• **DATASET RECORDS**
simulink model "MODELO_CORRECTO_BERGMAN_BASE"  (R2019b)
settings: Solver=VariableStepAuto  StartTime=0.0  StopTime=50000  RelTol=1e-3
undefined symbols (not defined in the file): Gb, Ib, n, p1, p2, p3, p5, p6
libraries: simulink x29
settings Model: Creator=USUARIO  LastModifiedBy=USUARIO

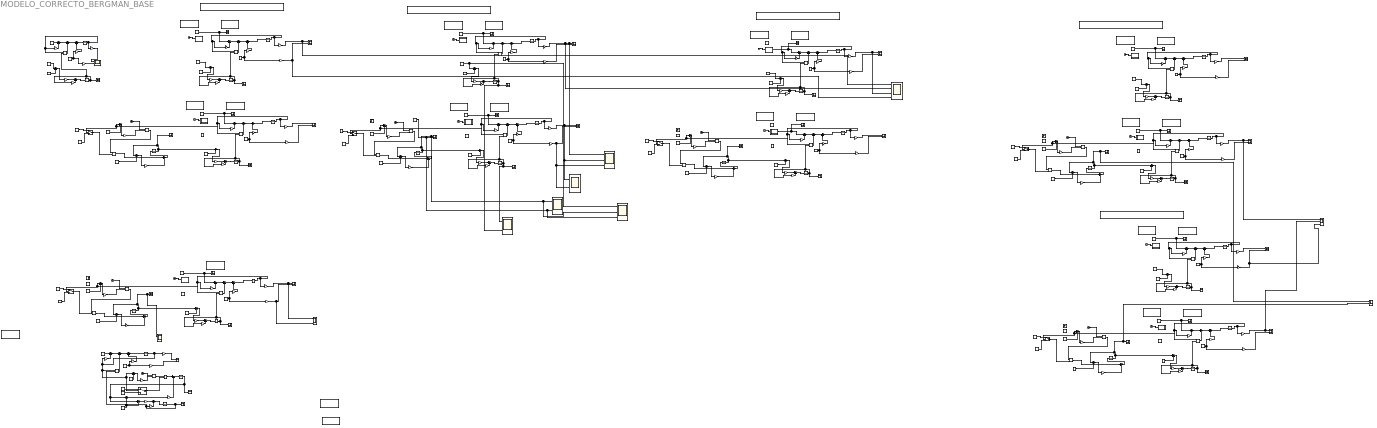
== system MODELO_CORRECTO_BERGMAN_BASE ==
  "    " : Gain  Gain=p6
  Clock{,1..17} (18 alike) : Clock
  Constant{1..11} (11 alike) : Constant  Value=0
  Factor conversión : Gain  Gain=18
  "Factor conversión    " : Gain  Gain=18
  Factor de conversión : Gain  Gain=18
  "Factor de conversión " : Gain  Gain=18
  False : Constant
  Gain{1,5,8,10,13..14,20,23,25..26,32,35,37..38,44,47,49..50,56,59,61,65,67,69,71,75} (26 alike) : Gain  Gain=p1
  Gain{2,11,15,17,27,29,39,41,51,53,62,68,70} (13 alike) : Gain  Gain=p3
  Gain{3..4,7,12,16,18..19,22,28,30..31,34,40,42..43,46,52,54..55,58,63..64} (22 alike) : Gain  Gain=18
  Gain{6,9,21,24,33,36,45,48,57,60,66,72,76} (13 alike) : Gain  Gain=p2
  "Glucosa " : Constant  Value=12
  Glucosa {2..5} (4 alike) : Constant  Value=7
  Glucosa basal : Constant  Value=Gb
  "Glucosa basal         " : Constant  Value=Gb
  Glucosa basal{1..4,9..10,13,17..18,21} (10 alike) : Constant  Value=4.5
  Glucosa basal{5,7,11,15,19,22} (6 alike) : Constant
  Glucosa basal{6,8,12,16,20,23} (6 alike) : Constant  Value=0
  Glucosa basal14 : Constant  Value=5.11
  Grafica ingesta D{1..10,12} (11 alike) : Scope
  Grafica ingesta D11 : Scope  NumInputPorts=2
  Gráfica de la glucosa : Scope  NumInputPorts=2
  Gráfica glucosa : Scope  NumInputPorts=2
  Gráfica insulina activa : Scope
  "Gráfica insulina activa       " : Scope
  Gráfica insulina variable : Scope
  INSULINA : Scope  NumInputPorts=2
  INSULINA{1..5} (5 alike) : Scope
  INSULINA7 : Scope  NumInputPorts=2
  Ib{,1..2,4..5} (5 alike) : Constant  Value=12
  Ib3 : Constant  Value=11
  Ingesta : Constant  Value=0
  "Ingesta      " : Constant  Value=0
  Ingesta 75 g1 : MATLAB Function  TreatAsAtomicUnit=on
  Ingesta 75 g10 : MATLAB Function  TreatAsAtomicUnit=on
  Ingesta 75 g11 : MATLAB Function  TreatAsAtomicUnit=on
  Ingesta 75 g2 : MATLAB Function  TreatAsAtomicUnit=on
  Ingesta 75 g3 : MATLAB Function  TreatAsAtomicUnit=on
  Ingesta 75 g4 : MATLAB Function  TreatAsAtomicUnit=on
  Ingesta 75 g5 : MATLAB Function  TreatAsAtomicUnit=on
  Ingesta 75 g6 : MATLAB Function  TreatAsAtomicUnit=on
  Ingesta 75 g7 : MATLAB Function  TreatAsAtomicUnit=on
  Ingesta 75 g8 : MATLAB Function  TreatAsAtomicUnit=on
  Ingesta 75 g9 : MATLAB Function  TreatAsAtomicUnit=on
  "Insulina basal     " : Constant  Value=Ib
  Insulina basal{1..6,8..11} (10 alike) : Constant  Value=12
  Insulina basal7 : Constant  Value=11
  Insulina constante : Constant  Value=Ib
  Integrator{1,5,16,19,21,24} (6 alike) : Integrator  InitialCondition=7.5
  Integrator{3,8,10,13,32} (5 alike) : Integrator  InitialCondition=4.5
  Integrator{4,11,14,17,22,27,30} (7 alike) : Integrator  InitialCondition=12
  Integrator{2,6..7,9,12,15,18,20,23,25,28,31,33} (13 alike) : Integrator
  Integrator26 : Integrator  InitialCondition=8
  Integrator29 : Integrator  InitialCondition=8
  Model Info1 : simulink/Model-Wide Utilities/Model Info  Frame=on  DisplayStringWithTags=|  HorizontalTextAlignment=Center  LeftAlignmentValue=0.5
      | Insulina constante 
      | igual a la basal
      | 
      | I(0) = Ib
  Model Info10 : simulink/Model-Wide Utilities/Model Info  Frame=on  DisplayStringWithTags=|  HorizontalTextAlignment=Center  LeftAlignmentValue=0.5
      | MODELO ORIGINAL
      | 
      | 
      | PERSONA NO DIABETICA
      | 
      | CON INSULINA CONSTANTE
  Model Info11 : simulink/Model-Wide Utilities/Model Info  Frame=on  DisplayStringWithTags=|  HorizontalTextAlignment=Center  LeftAlignmentValue=0.5
      | Insulina constante 
      | igual a la basal
      | 
      | I(0) = Ib
  Model Info12 : simulink/Model-Wide Utilities/Model Info  Frame=on  DisplayStringWithTags=|  HorizontalTextAlignment=Center  LeftAlignmentValue=0.5
      | MODELO ORIGINAL
      | 
      | 
      | PERSONA NO DIABETICA
      | 
      | CON INSULINA VARIABLE
  Model Info13 : simulink/Model-Wide Utilities/Model Info  Frame=on  DisplayStringWithTags=TRAS INGESTA  HorizontalTextAlignment=Center  LeftAlignmentValue=0.5
  Model Info14 : simulink/Model-Wide Utilities/Model Info  Frame=on  DisplayStringWithTags=AYUNAS  HorizontalTextAlignment=Center  LeftAlignmentValue=0.5
  Model Info15 : simulink/Model-Wide Utilities/Model Info  Frame=on  DisplayStringWithTags=INGESTA  HorizontalTextAlignment=Center  LeftAlignmentValue=0.5
  Model Info16 : simulink/Model-Wide Utilities/Model Info  Frame=on  DisplayStringWithTags=|  HorizontalTextAlignment=Center  LeftAlignmentValue=0.5
      | Insulina constante 
      | igual a la basal
      | 
      | I(0) = Ib
  Model Info17 : simulink/Model-Wide Utilities/Model Info  Frame=on  DisplayStringWithTags=|  HorizontalTextAlignment=Center  LeftAlignmentValue=0.5
      | TRAS INGESTA
      | 
      | PACIENTE 2:
      | IB=11
      | GB=5.11
  Model Info18 : simulink/Model-Wide Utilities/Model Info  Frame=on  DisplayStringWithTags=|  HorizontalTextAlignment=Center  LeftAlignmentValue=0.5
      | MODELO ORIGINAL
      | 
      | 
      | PERSONA NO DIABETICA
      | 
      | CON INSULINA CONSTANTE
  Model Info19 : simulink/Model-Wide Utilities/Model Info  Frame=on  DisplayStringWithTags=|  HorizontalTextAlignment=Center  LeftAlignmentValue=0.5
      | Insulina constante 
      | igual a la basal
      | 
      | I(0) = Ib
  Model Info2 : simulink/Model-Wide Utilities/Model Info  Frame=on  DisplayStringWithTags=|  HorizontalTextAlignment=Center  LeftAlignmentValue=0.5
      | MODELO ORIGINAL
      | 
      | 
      | PERSONA NO DIABETICA
      | 
      | CON INSULINA CONSTANTE
  Model Info20 : simulink/Model-Wide Utilities/Model Info  Frame=on  DisplayStringWithTags=|  HorizontalTextAlignment=Center  LeftAlignmentValue=0.5
      | MODELO ORIGINAL
      | 
      | 
      | PERSONA NO DIABETICA
      | 
      | CON INSULINA VARIABLE
  Model Info21 : simulink/Model-Wide Utilities/Model Info  Frame=on  DisplayStringWithTags=|  HorizontalTextAlignment=Center  LeftAlignmentValue=0.5
      | Insulina constante 
      | igual a la basal
      | 
      | I(0) = Ib
  Model Info22 : simulink/Model-Wide Utilities/Model Info  Frame=on  DisplayStringWithTags=|  HorizontalTextAlignment=Center  LeftAlignmentValue=0.5
      | TRAS INGESTA
      | 
      | PACIENTE 2:
      | IB=11
      | GB=5.11
  Model Info23 : simulink/Model-Wide Utilities/Model Info  Frame=on  DisplayStringWithTags=|  HorizontalTextAlignment=Center  LeftAlignmentValue=0.5
      | MODELO ORIGINAL
      | 
      | 
      | PERSONA NO DIABETICA
      | 
      | CON INSULINA CONSTANTE
  Model Info24 : simulink/Model-Wide Utilities/Model Info  Frame=on  DisplayStringWithTags=|  HorizontalTextAlignment=Center  LeftAlignmentValue=0.5
      | Insulina constante 
      | igual a la basal
      | 
      | I(0) = Ib
  Model Info25 : simulink/Model-Wide Utilities/Model Info  Frame=on  DisplayStringWithTags=|  HorizontalTextAlignment=Center  LeftAlignmentValue=0.5
      | MODELO ORIGINAL
      | 
      | 
      | PERSONA NO DIABETICA
      | 
      | CON INSULINA VARIABLE
  Model Info26 : simulink/Model-Wide Utilities/Model Info  Frame=on  DisplayStringWithTags=|  HorizontalTextAlignment=Center  LeftAlignmentValue=0.5
      | Insulina constante 
      | igual a la basal
      | 
      | I(0) = Ib
  Model Info27 : simulink/Model-Wide Utilities/Model Info  Frame=on  DisplayStringWithTags=ejemplo para p5  HorizontalTextAlignment=Center  LeftAlignmentValue=0.5
  Model Info28 : simulink/Model-Wide Utilities/Model Info  Frame=on  DisplayStringWithTags=|  HorizontalTextAlignment=Center  LeftAlignmentValue=0.5
      | Insulina constante 
      | igual a la basal
      | 
      | I(0) = Ib
  Model Info29 : simulink/Model-Wide Utilities/Model Info  Frame=on  DisplayStringWithTags=|  HorizontalTextAlignment=Center  LeftAlignmentValue=0.5
      | MODELO ORIGINAL
      | 
      | 
      | PERSONA NO DIABETICA
      | 
      | CON INSULINA VARIABLE
  Model Info3 : simulink/Model-Wide Utilities/Model Info  Frame=on  DisplayStringWithTags=|  HorizontalTextAlignment=Center  LeftAlignmentValue=0.5
      | Insulina constante 
      | igual a la basal
      | 
      | I(0) = Ib
  Model Info4 : simulink/Model-Wide Utilities/Model Info  Frame=on  DisplayStringWithTags=|  HorizontalTextAlignment=Center  LeftAlignmentValue=0.5
      | MODELO ORIGINAL
      | 
      | 
      | PERSONA NO DIABETICA
      | 
      | CON INSULINA VARIABLE
  Model Info5 : simulink/Model-Wide Utilities/Model Info  Frame=on  DisplayStringWithTags=|  HorizontalTextAlignment=Center  LeftAlignmentValue=0.5
      | Insulina constante 
      | igual a la basal
      | 
      | I(0) = Ib
  Model Info6 : simulink/Model-Wide Utilities/Model Info  Frame=on  DisplayStringWithTags=|  HorizontalTextAlignment=Center  LeftAlignmentValue=0.5
      | MODELO ORIGINAL
      | 
      | 
      | PERSONA NO DIABETICA
      | 
      | CON INSULINA CONSTANTE
  Model Info7 : simulink/Model-Wide Utilities/Model Info  Frame=on  DisplayStringWithTags=|  HorizontalTextAlignment=Center  LeftAlignmentValue=0.5
      | Insulina constante 
      | igual a la basal
      | 
      | I(0) = Ib
  Model Info8 : simulink/Model-Wide Utilities/Model Info  Frame=on  DisplayStringWithTags=|  HorizontalTextAlignment=Center  LeftAlignmentValue=0.5
      | MODELO ORIGINAL
      | 
      | 
      | PERSONA NO DIABETICA
      | 
      | CON INSULINA VARIABLE
  Model Info9 : simulink/Model-Wide Utilities/Model Info  Frame=on  DisplayStringWithTags=|  HorizontalTextAlignment=Center  LeftAlignmentValue=0.5
      | Insulina constante 
      | igual a la basal
      | 
      | I(0) = Ib
  Product{1..27} (27 alike) : Product
  Scope : Scope  NumInputPorts=2
  Scope1 : Scope  NumInputPorts=2
  Scope2 : Scope  NumInputPorts=2
  Scope3 : Scope  NumInputPorts=3
  Scope4 : Scope  NumInputPorts=4
  Step{,2..5} (5 alike) : Step  Time=10  Before=7  After=4  SampleTime=0
  Sum{1..2,4..11,13,15..16,18..23,25..26,28..42,44..45,47..55,57..58,60..66,68..74,76..81,83..86} (73 alike) : Sum  Inputs=|+-
  Sum{3,12,14,17,24,27,43,46,56,59,67,75,82} (13 alike) : Sum  Inputs=|++
  Switch{,1..5} (6 alike) : Switch  Criteria=u2 > Threshold  Threshold=5
  Switch: Páncreas : Switch  Criteria=u2 > Threshold  Threshold=p5
  True : Constant  Value=0
  glucosa con y sin insulina variable : Scope  NumInputPorts=3
  i(T){,1..10} (11 alike) : Constant  Value=12
  insulina activa{1..11} (11 alike) : Scope
  insulina basal : Constant  Value=Ib
  mODELO ORIGINAL{,1..9,11} (11 alike) : Scope  NumInputPorts=2
  mODELO ORIGINAL10 : Scope  NumInputPorts=3
  mODELO ORIGINAL13 : Scope  NumInputPorts=3
  p{1,3,5,7,9,11} (6 alike) : Constant  Value=5
  p{2,4,6,8,10,12} (6 alike) : Gain  Gain=p6
  p4 = n{,1..5} (6 alike) : Gain  Gain=n
  "p4 = n    " : Gain  Gain=n
  "p5   " : Constant  Value=p5
  wires:
  Sum31/1 -> p6/1
  Product8/1 -> Sum33/1
  Glucosa basal7/1 -> Switch/1  "glucosa basal"
  Sum33/1 -> Integrator14/1
  p6/1 -> Product7/2
  Clock/1 -> Product7/1
  p4 = n/1 -> Sum33/2
  Ib/1 -> Sum32/2  "glucosa basal"
  Sum32/1 -> p4 = n/1
  Glucosa basal8/1 -> Switch/3  "glucosa basal"
  Switch/1 -> Product8/2
  Integrator14/1 -> Sum1/1, Scope3/2, Scope1/1, INSULINA/1, Sum32/1  "Insulina con insulina variable"
  p5/1 -> Sum31/2  "glucosa basal"
  Product7/1 -> Product8/1
  Integrator5/1 -> Gain12/1, Product3/1, Gain10/1  "G(t)"
  Gain12/1 -> Scope4/2, glucosa con y sin insulina variable/1, mODELO ORIGINAL/1  "Glucosa con insulina cte"
  Constant4/1 -> Grafica ingesta D2/1, Sum11/1
  i(T)/1 -> Scope3/1, Sum10/1  "Insulina con insulina cte"
  Gain10/1 -> Sum11/2
  Insulina basal3/1 -> Sum10/2  "insulina basal"
  Sum10/1 -> Gain11/1
  Gain11/1 -> Sum13/1
  Sum8/1 -> Sum12/1
  Gain9/1 -> Sum13/2
  Sum12/1 -> Integrator5/1
  Glucosa basal2/1 -> Gain8/1, Gain7/1  "glucosa basal"
  Product3/1 -> Sum8/2
  Clock2/1 -> Ingesta 75 g2/1(in)
  Sum13/1 -> Integrator6/1
  Integrator6/1 -> insulina activa2/1, Scope2/2, Product3/2, Gain9/1  "Insulina activa con insulina cte"
  Gain8/1 -> Sum12/2
  Sum11/1 -> Sum8/1
  Gain7/1 -> mODELO ORIGINAL/2  "glucosa basal"
  Integrator1/1 -> Gain3/1, Sum31/1, Switch/2, Product1/1, Gain1/1  "G(t)"
  Gain3/1 -> glucosa con y sin insulina variable/2, Scope/1, mODELO ORIGINAL1/1  "Glucosa con insulina variable"
  Sum3/1 -> Integrator1/1
  Constant1/1 -> Grafica ingesta D1/1, Sum2/1
  Sum4/1 -> Integrator2/1
  Product1/1 -> Sum5/2
  Sum2/1 -> Sum5/1
  Gain5/1 -> Sum3/2
  Gain4/1 -> Scope/2, glucosa con y sin insulina variable/3, mODELO ORIGINAL1/2  "Glucosa basal"
  Integrator2/1 -> insulina activa1/1, Scope2/1, Product1/2, Gain6/1  "Insulina activa con insulina variable"
  Glucosa basal1/1 -> Gain5/1, Gain4/1  "glucosa basal"
  Gain6/1 -> Sum4/2
  Insulina basal1/1 -> Sum1/2  "insulina basal"
  Clock1/1 -> Ingesta 75 g1/1(in)
  Gain2/1 -> Sum4/1
  Sum1/1 -> Gain2/1
  Gain1/1 -> Sum2/2
  Sum5/1 -> Sum3/1
  Gain18/1 -> mODELO ORIGINAL3/1  "Glucosa tras ingesta con insulina modelada"
  Integrator3/1 -> Gain18/1, Sum18/1, Switch1/2, Product2/1, Gain13/1  "G(t)"
  Glucosa basal3/1 -> Gain20/1, Gain19/1  "glucosa basal"
  Integrator7/1 -> insulina activa3/1, Product2/2, Gain21/1  "X(t)"
  Integrator8/1 -> Gain16/1, Product4/1, Gain14/1  "G(t)"
  Sum16/1 -> Sum22/1
  Sum21/1 -> Integrator7/1
  Constant2/1 -> Grafica ingesta D3/1, Sum16/1
  Gain16/1 -> Scope4/1, mODELO ORIGINAL2/1  "Ayunas"
  Product5/1 -> Product6/1
  p1/1 -> Sum18/2  "glucosa basal"
  Integrator4/1 -> Sum6/1, INSULINA1/1, Sum19/1  "I(t)"
  Glucosa basal6/1 -> Switch1/3  "glucosa basal"
  Sum19/1 -> p4 = n1/1
  Sum17/1 -> Integrator3/1
  Clock3/1 -> Product5/1
  p2/1 -> Product5/2
  Product6/1 -> Sum20/1
  Gain20/1 -> Sum17/2
  Sum18/1 -> p2/1
  Constant3/1 -> Grafica ingesta D4/1, Sum9/1
  Sum6/1 -> Gain17/1
  Gain17/1 -> Sum21/1
  Sum14/1 -> Integrator8/1
  Clock4/1 -> Ingesta 75 g3/1(in)
  Insulina basal2/1 -> Sum6/2  "insulina basal"
  Product4/1 -> Sum23/2
  Sum9/1 -> Sum23/1
  Switch1/1 -> Product6/2
  Gain23/1 -> Sum14/2
  Gain22/1 -> Scope4/4, mODELO ORIGINAL2/2  "Glucosa basal"
  Integrator9/1 -> insulina activa4/1, Product4/2, Gain24/1  "X(t)"
  Sum22/1 -> Sum17/1
  Gain14/1 -> Sum9/2
  Gain21/1 -> Sum21/2
  Sum23/1 -> Sum14/1
  Glucosa basal4/1 -> Gain23/1, Gain22/1  "glucosa basal"
  Sum20/1 -> Integrator4/1
  Product2/1 -> Sum22/2
  i(T)2/1 -> Sum7/1
  Gain24/1 -> Sum15/2
  Gain15/1 -> Sum15/1
  Gain19/1 -> mODELO ORIGINAL3/2  "glucosa basal"
  Ib1/1 -> Sum19/2  "glucosa basal"
  Sum7/1 -> Gain15/1
  Glucosa basal5/1 -> Switch1/1  "glucosa basal"
  Insulina basal4/1 -> Sum7/2  "insulina basal"
  Clock5/1 -> Ingesta 75 g4/1(in)
  p4 = n1/1 -> Sum20/2
  Gain13/1 -> Sum16/2
  Sum15/1 -> Integrator9/1
  Integrator12/1 -> insulina activa5/1, Product9/2, Gain33/1  "X(t)"
  Integrator13/1 -> Gain28/1, Product10/1, Gain26/1  "G(t)"
  Sum26/1 -> Sum35/1
  Glucosa basal9/1 -> Gain32/1, Gain31/1  "glucosa basal"
  Integrator10/1 -> Gain30/1, Sum28/1, Switch2/2, Product9/1, Gain25/1  "G(t)"
  Gain30/1 -> mODELO ORIGINAL5/1  "Glucosa ingesta con insulina modelada"
  Clock8/1 -> Ingesta 75 g6/1(in)
  Insulina basal6/1 -> Sum38/2  "insulina basal"
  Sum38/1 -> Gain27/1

• **YOUR INSTRUCTIONS**
An exact, complete copy of the lines above from the one with "mODELO ORIGINAL10 : Scope" through the one with "Integrator1/1 -> Gain3/1, Sum31/1, Switch/2, Product1/1, Gain1/1" is the whole answer.

• **TASK RESPONSE**
  mODELO ORIGINAL10 : Scope  NumInputPorts=3
  mODELO ORIGINAL13 : Scope  NumInputPorts=3
  p{1,3,5,7,9,11} (6 alike) : Constant  Value=5
  p{2,4,6,8,10,12} (6 alike) : Gain  Gain=p6
  p4 = n{,1..5} (6 alike) : Gain  Gain=n
  "p4 = n    " : Gain  Gain=n
  "p5   " : Constant  Value=p5
  wires:
  Sum31/1 -> p6/1
  Product8/1 -> Sum33/1
  Glucosa basal7/1 -> Switch/1  "glucosa basal"
  Sum33/1 -> Integrator14/1
  p6/1 -> Product7/2
  Clock/1 -> Product7/1
  p4 = n/1 -> Sum33/2
  Ib/1 -> Sum32/2  "glucosa basal"
  Sum32/1 -> p4 = n/1
  Glucosa basal8/1 -> Switch/3  "glucosa basal"
  Switch/1 -> Product8/2
  Integrator14/1 -> Sum1/1, Scope3/2, Scope1/1, INSULINA/1, Sum32/1  "Insulina con insulina variable"
  p5/1 -> Sum31/2  "glucosa basal"
  Product7/1 -> Product8/1
  Integrator5/1 -> Gain12/1, Product3/1, Gain10/1  "G(t)"
  Gain12/1 -> Scope4/2, glucosa con y sin insulina variable/1, mODELO ORIGINAL/1  "Glucosa con insulina cte"
  Constant4/1 -> Grafica ingesta D2/1, Sum11/1
  i(T)/1 -> Scope3/1, Sum10/1  "Insulina con insulina cte"
  Gain10/1 -> Sum11/2
  Insulina basal3/1 -> Sum10/2  "insulina basal"
  Sum10/1 -> Gain11/1
  Gain11/1 -> Sum13/1
  Sum8/1 -> Sum12/1
  Gain9/1 -> Sum13/2
  Sum12/1 -> Integrator5/1
  Glucosa basal2/1 -> Gain8/1, Gain7/1  "glucosa basal"
  Product3/1 -> Sum8/2
  Clock2/1 -> Ingesta 75 g2/1(in)
  Sum13/1 -> Integrator6/1
  Integrator6/1 -> insulina activa2/1, Scope2/2, Product3/2, Gain9/1  "Insulina activa con insulina cte"
  Gain8/1 -> Sum12/2
  Sum11/1 -> Sum8/1
  Gain7/1 -> mODELO ORIGINAL/2  "glucosa basal"
  Integrator1/1 -> Gain3/1, Sum31/1, Switch/2, Product1/1, Gain1/1  "G(t)"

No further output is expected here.